WHAT TO WORK ON >> Report only how many lines below include "lies".

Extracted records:
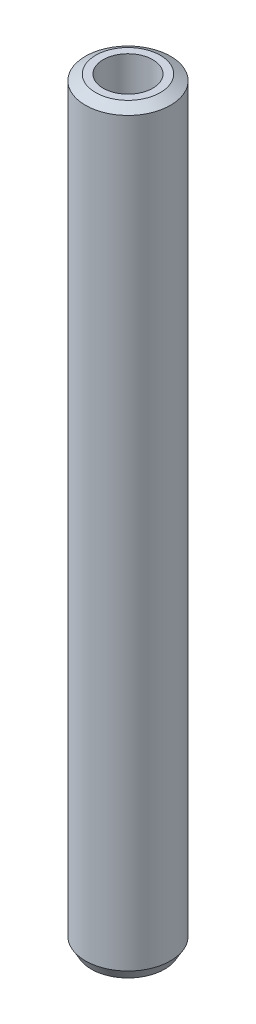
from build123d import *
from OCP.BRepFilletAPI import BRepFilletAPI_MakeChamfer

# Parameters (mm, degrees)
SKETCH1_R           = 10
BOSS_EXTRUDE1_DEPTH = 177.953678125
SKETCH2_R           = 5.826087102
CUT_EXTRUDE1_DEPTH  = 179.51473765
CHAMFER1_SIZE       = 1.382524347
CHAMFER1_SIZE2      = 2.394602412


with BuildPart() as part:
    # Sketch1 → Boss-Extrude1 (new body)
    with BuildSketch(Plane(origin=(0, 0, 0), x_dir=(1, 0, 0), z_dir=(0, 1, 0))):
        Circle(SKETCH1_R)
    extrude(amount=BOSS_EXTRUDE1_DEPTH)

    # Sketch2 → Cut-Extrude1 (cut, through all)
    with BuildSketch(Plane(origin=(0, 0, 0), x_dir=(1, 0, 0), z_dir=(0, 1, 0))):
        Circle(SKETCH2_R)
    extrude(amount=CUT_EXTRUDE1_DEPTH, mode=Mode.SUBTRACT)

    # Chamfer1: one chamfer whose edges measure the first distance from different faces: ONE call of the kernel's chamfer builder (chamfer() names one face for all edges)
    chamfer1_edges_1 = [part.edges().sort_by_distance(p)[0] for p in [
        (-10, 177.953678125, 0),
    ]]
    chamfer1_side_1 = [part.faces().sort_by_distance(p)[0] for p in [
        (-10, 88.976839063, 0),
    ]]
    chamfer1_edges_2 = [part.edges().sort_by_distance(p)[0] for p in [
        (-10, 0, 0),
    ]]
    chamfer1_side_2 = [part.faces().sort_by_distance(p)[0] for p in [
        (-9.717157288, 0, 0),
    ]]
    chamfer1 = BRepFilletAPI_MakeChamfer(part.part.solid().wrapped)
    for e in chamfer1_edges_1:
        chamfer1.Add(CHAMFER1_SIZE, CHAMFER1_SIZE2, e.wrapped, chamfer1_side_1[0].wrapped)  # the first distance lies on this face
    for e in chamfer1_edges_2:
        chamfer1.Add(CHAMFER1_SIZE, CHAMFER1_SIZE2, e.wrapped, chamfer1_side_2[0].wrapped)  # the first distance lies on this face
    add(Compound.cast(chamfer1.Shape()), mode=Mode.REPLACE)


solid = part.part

ANSWER SECTION >> 2